Por outro lado fico a pensar, não seria a mulher um pouco culpada por todo o sucesso dessas bandas? Porque se consumimos algo assim é como se tivéssemos apoiando esse tipo de prática. Acredito que a primeira parte desse projeto, o primeiro impacto que ele precisa causar é a conscientização nas mulheres do quanto elas estão sendo ridicularizada nessas letras e danças e que é preciso que parem de consumir e comecem a repudiar esse tipo de música, não dançando, não cantando e não aceitando.


 Acho que a iniciativa da referida deputada é justa, até porque esse tipo de letra só vem aumentando e tomando mais espaço no “ramo musical” na Bahia.

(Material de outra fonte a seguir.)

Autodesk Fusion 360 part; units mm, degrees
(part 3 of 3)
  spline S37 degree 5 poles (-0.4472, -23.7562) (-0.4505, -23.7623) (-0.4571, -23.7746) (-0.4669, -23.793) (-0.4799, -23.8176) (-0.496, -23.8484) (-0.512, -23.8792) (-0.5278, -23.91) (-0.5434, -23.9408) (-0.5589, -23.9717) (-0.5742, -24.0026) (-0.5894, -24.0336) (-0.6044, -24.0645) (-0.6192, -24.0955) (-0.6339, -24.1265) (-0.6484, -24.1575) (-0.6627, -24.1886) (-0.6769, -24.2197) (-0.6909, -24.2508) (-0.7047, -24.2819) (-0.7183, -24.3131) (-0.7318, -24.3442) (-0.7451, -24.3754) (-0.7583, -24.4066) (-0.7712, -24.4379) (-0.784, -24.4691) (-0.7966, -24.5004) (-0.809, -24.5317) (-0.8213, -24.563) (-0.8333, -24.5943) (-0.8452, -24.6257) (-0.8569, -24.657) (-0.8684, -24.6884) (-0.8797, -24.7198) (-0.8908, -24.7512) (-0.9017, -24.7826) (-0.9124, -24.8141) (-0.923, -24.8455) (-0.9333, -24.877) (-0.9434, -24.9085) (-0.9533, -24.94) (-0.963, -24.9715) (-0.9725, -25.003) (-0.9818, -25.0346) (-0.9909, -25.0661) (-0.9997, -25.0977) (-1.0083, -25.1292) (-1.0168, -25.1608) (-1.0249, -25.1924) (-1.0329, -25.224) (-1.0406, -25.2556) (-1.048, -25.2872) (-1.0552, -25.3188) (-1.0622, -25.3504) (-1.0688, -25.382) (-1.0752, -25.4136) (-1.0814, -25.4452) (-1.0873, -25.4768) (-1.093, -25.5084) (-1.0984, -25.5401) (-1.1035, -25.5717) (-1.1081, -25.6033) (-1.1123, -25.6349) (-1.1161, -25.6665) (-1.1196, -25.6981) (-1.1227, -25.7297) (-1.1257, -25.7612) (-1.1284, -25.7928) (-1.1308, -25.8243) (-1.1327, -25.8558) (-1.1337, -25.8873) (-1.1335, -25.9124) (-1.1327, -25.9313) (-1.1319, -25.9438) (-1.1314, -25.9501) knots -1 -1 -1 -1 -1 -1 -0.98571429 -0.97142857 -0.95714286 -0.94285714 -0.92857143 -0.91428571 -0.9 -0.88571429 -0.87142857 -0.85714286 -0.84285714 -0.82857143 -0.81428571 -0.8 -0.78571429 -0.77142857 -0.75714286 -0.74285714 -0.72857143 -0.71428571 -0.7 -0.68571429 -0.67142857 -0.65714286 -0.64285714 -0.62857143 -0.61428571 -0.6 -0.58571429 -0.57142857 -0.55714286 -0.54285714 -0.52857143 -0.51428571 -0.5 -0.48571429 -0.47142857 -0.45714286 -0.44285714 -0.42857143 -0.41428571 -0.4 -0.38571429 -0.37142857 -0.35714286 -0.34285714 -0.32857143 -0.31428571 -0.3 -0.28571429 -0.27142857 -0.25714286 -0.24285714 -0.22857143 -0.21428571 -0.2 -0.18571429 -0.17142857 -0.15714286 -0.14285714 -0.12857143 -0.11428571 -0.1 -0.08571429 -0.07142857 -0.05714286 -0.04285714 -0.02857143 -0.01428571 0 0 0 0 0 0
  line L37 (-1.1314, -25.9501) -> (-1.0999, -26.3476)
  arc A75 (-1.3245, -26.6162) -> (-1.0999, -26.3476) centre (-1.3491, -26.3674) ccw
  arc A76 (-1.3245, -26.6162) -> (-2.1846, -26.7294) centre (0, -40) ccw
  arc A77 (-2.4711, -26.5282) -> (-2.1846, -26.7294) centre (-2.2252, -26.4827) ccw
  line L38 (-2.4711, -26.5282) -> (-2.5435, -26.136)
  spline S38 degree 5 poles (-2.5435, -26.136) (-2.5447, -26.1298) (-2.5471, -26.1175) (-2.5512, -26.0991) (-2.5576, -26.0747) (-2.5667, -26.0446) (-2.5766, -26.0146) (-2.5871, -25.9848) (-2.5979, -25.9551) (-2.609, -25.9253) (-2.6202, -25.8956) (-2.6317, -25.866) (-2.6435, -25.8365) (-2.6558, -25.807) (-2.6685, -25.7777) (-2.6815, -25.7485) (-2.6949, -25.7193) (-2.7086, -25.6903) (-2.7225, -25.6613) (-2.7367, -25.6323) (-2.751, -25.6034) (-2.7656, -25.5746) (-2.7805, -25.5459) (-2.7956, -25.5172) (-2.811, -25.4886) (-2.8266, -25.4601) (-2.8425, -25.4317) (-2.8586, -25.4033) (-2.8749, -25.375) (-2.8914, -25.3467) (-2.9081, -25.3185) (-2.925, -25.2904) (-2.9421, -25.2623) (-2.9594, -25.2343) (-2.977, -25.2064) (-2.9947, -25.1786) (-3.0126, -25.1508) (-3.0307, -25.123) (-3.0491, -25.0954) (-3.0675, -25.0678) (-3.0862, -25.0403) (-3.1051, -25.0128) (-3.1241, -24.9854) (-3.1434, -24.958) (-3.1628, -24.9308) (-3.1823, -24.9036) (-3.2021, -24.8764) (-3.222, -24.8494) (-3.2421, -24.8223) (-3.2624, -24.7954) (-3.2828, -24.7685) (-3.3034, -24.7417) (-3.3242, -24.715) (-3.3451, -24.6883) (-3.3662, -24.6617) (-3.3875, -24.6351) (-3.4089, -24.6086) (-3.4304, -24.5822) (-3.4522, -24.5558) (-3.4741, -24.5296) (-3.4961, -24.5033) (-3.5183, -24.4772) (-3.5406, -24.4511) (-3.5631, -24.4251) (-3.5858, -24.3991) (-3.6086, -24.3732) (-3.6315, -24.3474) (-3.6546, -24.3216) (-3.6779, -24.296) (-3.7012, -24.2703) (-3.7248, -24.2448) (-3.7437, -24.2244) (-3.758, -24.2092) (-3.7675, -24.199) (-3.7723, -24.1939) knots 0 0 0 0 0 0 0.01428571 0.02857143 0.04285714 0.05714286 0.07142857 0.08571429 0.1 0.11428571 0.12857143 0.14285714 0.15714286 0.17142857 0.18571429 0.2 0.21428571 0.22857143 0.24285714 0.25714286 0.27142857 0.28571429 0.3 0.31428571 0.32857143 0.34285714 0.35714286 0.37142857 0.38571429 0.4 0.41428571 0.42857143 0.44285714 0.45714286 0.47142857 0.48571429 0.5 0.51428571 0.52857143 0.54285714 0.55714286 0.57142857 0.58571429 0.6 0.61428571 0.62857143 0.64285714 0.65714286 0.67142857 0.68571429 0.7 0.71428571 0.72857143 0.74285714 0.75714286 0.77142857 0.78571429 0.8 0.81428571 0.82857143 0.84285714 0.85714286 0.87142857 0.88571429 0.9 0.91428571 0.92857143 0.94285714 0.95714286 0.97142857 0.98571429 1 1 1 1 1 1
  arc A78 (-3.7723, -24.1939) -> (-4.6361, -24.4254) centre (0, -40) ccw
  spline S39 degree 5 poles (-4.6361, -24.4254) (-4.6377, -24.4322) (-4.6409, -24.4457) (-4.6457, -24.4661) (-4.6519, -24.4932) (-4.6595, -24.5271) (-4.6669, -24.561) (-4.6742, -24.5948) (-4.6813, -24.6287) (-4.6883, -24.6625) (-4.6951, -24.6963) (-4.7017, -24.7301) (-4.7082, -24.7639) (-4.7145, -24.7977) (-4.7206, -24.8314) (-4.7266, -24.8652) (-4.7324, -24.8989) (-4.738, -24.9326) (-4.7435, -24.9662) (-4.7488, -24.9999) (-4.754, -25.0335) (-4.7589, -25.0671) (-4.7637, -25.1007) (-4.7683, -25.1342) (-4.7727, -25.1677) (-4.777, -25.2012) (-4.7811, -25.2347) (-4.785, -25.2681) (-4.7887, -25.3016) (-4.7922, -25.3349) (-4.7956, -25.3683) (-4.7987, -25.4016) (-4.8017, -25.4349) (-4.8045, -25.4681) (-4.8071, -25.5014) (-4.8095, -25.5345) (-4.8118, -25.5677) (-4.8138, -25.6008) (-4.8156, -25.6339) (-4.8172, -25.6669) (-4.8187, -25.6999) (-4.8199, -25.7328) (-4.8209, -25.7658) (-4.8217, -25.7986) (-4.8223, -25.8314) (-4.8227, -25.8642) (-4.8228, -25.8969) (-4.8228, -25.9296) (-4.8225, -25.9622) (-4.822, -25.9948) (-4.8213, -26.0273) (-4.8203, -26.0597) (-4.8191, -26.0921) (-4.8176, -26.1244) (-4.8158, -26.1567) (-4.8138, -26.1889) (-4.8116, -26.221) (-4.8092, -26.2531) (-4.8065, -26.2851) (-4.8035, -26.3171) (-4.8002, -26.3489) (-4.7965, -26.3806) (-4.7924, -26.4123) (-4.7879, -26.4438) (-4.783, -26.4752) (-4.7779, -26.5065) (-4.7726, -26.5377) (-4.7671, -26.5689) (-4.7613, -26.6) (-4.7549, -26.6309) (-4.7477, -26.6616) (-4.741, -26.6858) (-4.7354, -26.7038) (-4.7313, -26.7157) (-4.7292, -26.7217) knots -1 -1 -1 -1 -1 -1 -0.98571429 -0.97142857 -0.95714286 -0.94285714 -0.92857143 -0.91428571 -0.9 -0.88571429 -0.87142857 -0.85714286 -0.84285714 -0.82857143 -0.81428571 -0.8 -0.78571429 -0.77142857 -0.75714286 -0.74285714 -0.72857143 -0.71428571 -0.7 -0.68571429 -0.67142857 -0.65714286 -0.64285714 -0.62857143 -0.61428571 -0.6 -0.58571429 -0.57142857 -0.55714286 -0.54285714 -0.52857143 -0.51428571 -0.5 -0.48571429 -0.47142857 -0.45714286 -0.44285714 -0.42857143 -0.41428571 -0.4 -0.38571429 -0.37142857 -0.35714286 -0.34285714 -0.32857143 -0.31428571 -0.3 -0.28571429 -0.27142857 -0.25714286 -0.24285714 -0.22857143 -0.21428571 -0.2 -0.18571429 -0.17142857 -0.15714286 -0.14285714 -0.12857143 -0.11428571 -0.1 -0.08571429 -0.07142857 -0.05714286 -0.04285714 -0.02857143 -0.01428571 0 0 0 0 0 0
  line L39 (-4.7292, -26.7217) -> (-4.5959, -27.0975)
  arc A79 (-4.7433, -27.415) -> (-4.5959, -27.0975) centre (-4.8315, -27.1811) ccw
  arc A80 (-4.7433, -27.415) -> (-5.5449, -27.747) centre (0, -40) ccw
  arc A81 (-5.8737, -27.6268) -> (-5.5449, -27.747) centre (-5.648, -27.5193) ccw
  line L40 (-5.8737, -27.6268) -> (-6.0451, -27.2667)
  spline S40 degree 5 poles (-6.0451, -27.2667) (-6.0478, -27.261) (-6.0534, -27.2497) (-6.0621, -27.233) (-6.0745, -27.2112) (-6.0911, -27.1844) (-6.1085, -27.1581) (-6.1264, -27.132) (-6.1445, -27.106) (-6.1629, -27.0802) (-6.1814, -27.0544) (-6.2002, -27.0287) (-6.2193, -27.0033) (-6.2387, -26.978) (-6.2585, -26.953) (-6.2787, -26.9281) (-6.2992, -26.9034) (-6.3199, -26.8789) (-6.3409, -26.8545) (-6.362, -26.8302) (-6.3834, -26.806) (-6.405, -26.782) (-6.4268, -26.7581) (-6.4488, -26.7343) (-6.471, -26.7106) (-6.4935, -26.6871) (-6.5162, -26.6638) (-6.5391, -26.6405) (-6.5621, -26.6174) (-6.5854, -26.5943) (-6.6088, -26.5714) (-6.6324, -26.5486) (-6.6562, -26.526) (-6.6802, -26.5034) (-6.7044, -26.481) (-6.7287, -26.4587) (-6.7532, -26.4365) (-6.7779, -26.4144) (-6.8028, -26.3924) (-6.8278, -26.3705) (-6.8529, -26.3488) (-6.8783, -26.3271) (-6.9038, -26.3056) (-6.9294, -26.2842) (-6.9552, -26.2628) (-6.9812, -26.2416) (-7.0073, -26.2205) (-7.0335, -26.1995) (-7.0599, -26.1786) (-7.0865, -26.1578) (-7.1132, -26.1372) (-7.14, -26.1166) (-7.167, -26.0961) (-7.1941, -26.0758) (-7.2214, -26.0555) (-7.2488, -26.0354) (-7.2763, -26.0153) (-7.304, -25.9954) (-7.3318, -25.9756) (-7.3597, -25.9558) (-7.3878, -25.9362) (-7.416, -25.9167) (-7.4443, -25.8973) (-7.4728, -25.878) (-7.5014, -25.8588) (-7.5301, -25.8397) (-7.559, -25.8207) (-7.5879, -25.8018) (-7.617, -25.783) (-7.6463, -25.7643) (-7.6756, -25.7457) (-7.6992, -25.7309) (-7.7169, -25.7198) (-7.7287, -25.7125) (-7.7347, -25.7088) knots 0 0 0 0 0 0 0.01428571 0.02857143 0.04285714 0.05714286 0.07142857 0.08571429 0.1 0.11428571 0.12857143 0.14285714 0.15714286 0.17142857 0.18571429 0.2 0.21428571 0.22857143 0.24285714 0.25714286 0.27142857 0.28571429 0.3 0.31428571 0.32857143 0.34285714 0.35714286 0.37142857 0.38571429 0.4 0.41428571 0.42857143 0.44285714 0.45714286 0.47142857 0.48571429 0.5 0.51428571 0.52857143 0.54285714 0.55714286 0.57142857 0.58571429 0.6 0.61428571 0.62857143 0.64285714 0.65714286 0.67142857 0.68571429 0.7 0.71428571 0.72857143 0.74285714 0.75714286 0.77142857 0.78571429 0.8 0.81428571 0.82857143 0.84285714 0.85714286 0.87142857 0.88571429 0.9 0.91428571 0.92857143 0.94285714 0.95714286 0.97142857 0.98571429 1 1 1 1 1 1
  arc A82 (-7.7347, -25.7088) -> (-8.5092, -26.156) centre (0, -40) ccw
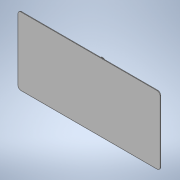
# Autodesk Inventor part: reverse_cat_fire
Saved by Autodesk Inventor 2022 (Build 260153000, 153)
## iProperties
Created: 2024-07-19
Part Number: reverse_cat_fire
Material: Типовые
Document SubType Name: Modeling
Designer: Капустяник Андрей
Density: 1 g/cm^3
Appearance: По умолчанию
Author: Капустяник Андрей
Autodesk Inventor part; units mm, degrees
ref_plane "YZ Plane" through (0, 0, 0) normal (1, 0, 0) x (0, 1, 0)
ref_plane "XZ Plane" through (0, 0, 0) normal (0, 1, 0) x (-1, 0, 0)
ref_plane "XY Plane" through (0, 0, 0) normal (0, 0, 1) x (1, 0, 0)
sketch "Эскиз1" plane through (25.6298, 124.8495, 2.1188) normal (0, 0, 1) x (1, 0, 0)
  line L0 (-43, -80) -> (187, -80)
  line L1 (187, -80) -> (187, 30)
  line L2 (187, 30) -> (-43, 30)
  line L3 (-43, 30) -> (-43, -80)
  line L4 (-43, -80) -> (187, 30) construction
  line L5 (187, -80) -> (-43, 30) construction
  point P0 (-25.6298, -124.8495)
  point P1 (72, -25)
  dimension "d0" = 230
  dimension "d1" = 110
  constraints: 12 end point, 2 midpoint, 2 parallel, 1 horizontal, 1 perpendicular
  measures "d0" distance of L2.end L1.end
  measures "d1" distance of L1.end L0.end
extrude "Выдавливание1" add sketch "Эскиз1" along normal blind 1
fillet "Сопряжение1" radius 5 4 edges at (212.6298, 154.8495, 2.6188) (-17.3702, 154.8495, 2.6188) (-17.3702, 44.8495, 2.6188) (212.6298, 44.8495, 2.6188)
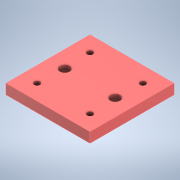
# Autodesk Inventor part: Lagerhalterung
Saved by Autodesk Inventor 2022 (Build 260153000, 153)
## iProperties
Created: 2022-04-21
Part Number: Lagerhalterung
Material: Generisch
Document SubType Name: Modeling
Designer: 123St
Density: 1 g/cm^3
Appearance: Glatt - Rot
Author: 123St
Autodesk Inventor part; units mm, degrees
ref_plane "YZ Plane" through (0, 0, 0) normal (1, 0, 0) x (0, 1, 0)
ref_plane "XZ Plane" through (0, 0, 0) normal (0, 1, 0) x (-1, 0, 0)
ref_plane "XY Plane" through (0, 0, 0) normal (0, 0, 1) x (1, 0, 0)
sketch "Skizze1" plane through (0, 0, 0) normal (0, 1, 0) x (-1, 0, 0)
  line L0 (25, -25) -> (-25, -25)
  line L1 (-25, -25) -> (-25, 25)
  line L2 (-25, 25) -> (25, 25)
  line L3 (25, 25) -> (25, -25)
  line L4 (25, -25) -> (-25, 25) construction
  line L5 (-25, -25) -> (25, 25) construction
  point P0 (0, 0)
  dimension "d0" = 50
  dimension "d1" = 50
  constraints: 12 end point, 2 midpoint, 2 parallel, 1 horizontal, 1 perpendicular
  measures "d0" distance of L0.start L0.end
  measures "d1" distance of L2.end L0.start
extrude "Extrusion1" add sketch "Skizze1" along normal blind 6
sketch "Skizze2" plane through (0, 0, 0) normal (0, -1, 0) x (1, 0, 0)
  circle A0 centre (-15.75, 15.75) radius 4.25
  circle A1 centre (15.75, 15.75) radius 4.25
  circle A2 centre (15.75, -15.75) radius 4.25
  circle A3 centre (-15.75, -15.75) radius 4.25
  line L0 (-35, 0) -> (35, 0) projected
  line L1 (0, 35) -> (0, -35) projected
  point P0 (0, 0)
  dimension "d4" = 31.5
  dimension "d5" = 31.5
  dimension "d6" = 31.5
  dimension "d7" = 31.5
  dimension "d8" = 15.75
  dimension "d9" = 15.75
  dimension "d10" = 15.75
  dimension "d11" = 15.75
  dimension "d12" = 8.5
  dimension "d13" = 8.5
  dimension "d14" = 8.5
  dimension "d15" = 8.5
  constraints: 4 centre point
  measures "d4" distance of A1.centre A0.centre
  measures "d5" distance of A2.centre A3.centre
  measures "d6" distance of A0.centre A3.centre
  measures "d7" distance of A2.centre A1.centre
  measures "d8" distance from line of L0 A3.centre
  measures "d9" distance from line of L0 A2.centre
  measures "d10" distance from line of L1 A2.centre
  measures "d11" distance from line of L1 A1.centre
  measures "d12" diameter of A0
  measures "d13" diameter of A1
  measures "d14" diameter of A3
  measures "d15" diameter of A2
extrude "Extrusion2" add sketch "Skizze2" along normal blind 1
sketch "Skizze3" plane through (-15.75, -1, 15.75) normal (0, -1, 0) x (1, 0, 0)
  circle A0 centre (0, 0) radius 4.25 projected
  circle A1 centre (0, 0) radius 1.75
  circle A2 centre (31.5, 0) radius 4.25 projected
  circle A3 centre (31.5, 0) radius 1.75
  circle A4 centre (31.5, -31.5) radius 4.25 projected
  circle A5 centre (31.5, -31.5) radius 1.75
  circle A6 centre (0, -31.5) radius 4.25 projected
  circle A7 centre (0, -31.5) radius 1.75
  point P0 (15.75, -15.75)
  dimension "d18" = 3.5
  dimension "d19" = 3.5
  dimension "d20" = 3.5
  dimension "d21" = 3.5
  constraints: 4 centre point, 4 coincident
  measures "d18" diameter of A1
  measures "d19" diameter of A3
  measures "d20" diameter of A5
  measures "d21" diameter of A7
extrude "Extrusion3" cut sketch "Skizze3" against normal blind 13 contours A1 | A3 | A5 | A7
sketch "Skizze4" plane through (0, 0, 0) normal (0, -1, 0) x (1, 0, 0)
  circle A0 centre (-15, 0) radius 1.5
  circle A1 centre (15, 0) radius 1.5
  line L0 (0, 35) -> (0, -35) projected
  point P0 (0, 0)
  dimension "d24" = 30
  dimension "d25" = 15
  dimension "d26" = 3
  dimension "d27" = 3
  constraints: 2 centre point
  measures "d24" distance of A1.centre A0.centre
  measures "d25" distance from line of L0 A1.centre
  measures "d26" diameter of A0
  measures "d27" diameter of A1
extrude "Extrusion4" cut sketch "Skizze4" against normal blind 13
sketch "Skizze7" plane through (0, 6, 0) normal (0, 1, 0) x (1, 0, 0)
  circle A0 centre (15, 0) radius 1.5 projected
  circle A1 centre (15, 0) radius 3
  circle A2 centre (-15, 0) radius 1.5 projected
  circle A3 centre (-15, 0) radius 3
  point P0 (0, 0)
  dimension "d39" = 6
  dimension "d40" = 6
  constraints: 2 centre point, 2 coincident
  measures "d39" diameter of A1
  measures "d40" diameter of A3
extrude "Extrusion5" cut sketch "Skizze7" against normal blind 4 contours A0 | A1 | A2 | A3
chamfer "Fase1" distance 1 angle 45 2 edges at (12, 2, 0) (-18, 2, 0)
equation "\"d8\" = 0.5 * d6"
equation "\"d9\" = 0.5 * d7"
equation "\"d10\" = 0.5 * d5"
equation "\"d11\" = 0.5 * d4"
equation "\"d25\" = 0.5 * d24"

E olha que exportar essas melodias, swingueiras, está na moda. Longe de mim ser, ou ao menos parecer, preconceituosa quanto ao estilo musical em questão, volto-me exclusivamente para o que dizem as letras. Vale ressaltar que não são todas as bandas nem muito menos todas as músicas que passam essa imagem de vulgarização das mulheres, porém fico bastante envergonhada por saber que são as mulheres, as mesmas que nas letras são ofendidas, que consomem também esse tipo de produto.


Não é difícil ver pelas noites baianas grupos reunidos, em postos ou bares, dançando até altas horas músicas que com palavras de baixo calão, que vão descrevendo gestos, comportamentos, órgãos genitais, dentre outras coisas. Impor regras para contratos de festas públicas talvez seja um bom começo para quem sabe diminuir esse tipo de padrão que vem se instalando no mercado musical. 


Acredito que é preciso mais, é preciso que as mulheres rejeitem esse tipo de música, evitem esses tipos de danças. Não digo o pagode, me refiro especificamente às canções de cunho desrespeitoso, canções que denigram a imagem e caráter das mesmas. E que comecem a lutar por mais respeito perante a esse tipo de interpretações, que se recusem a ser vistas e tratadas como meros objetos sexuais. 


Comentários

  1. Nao tenha dúvidas de que as próprias mulheres são culpadas por isso... Sou mulher e tenho vergonha destas que não se valorizam...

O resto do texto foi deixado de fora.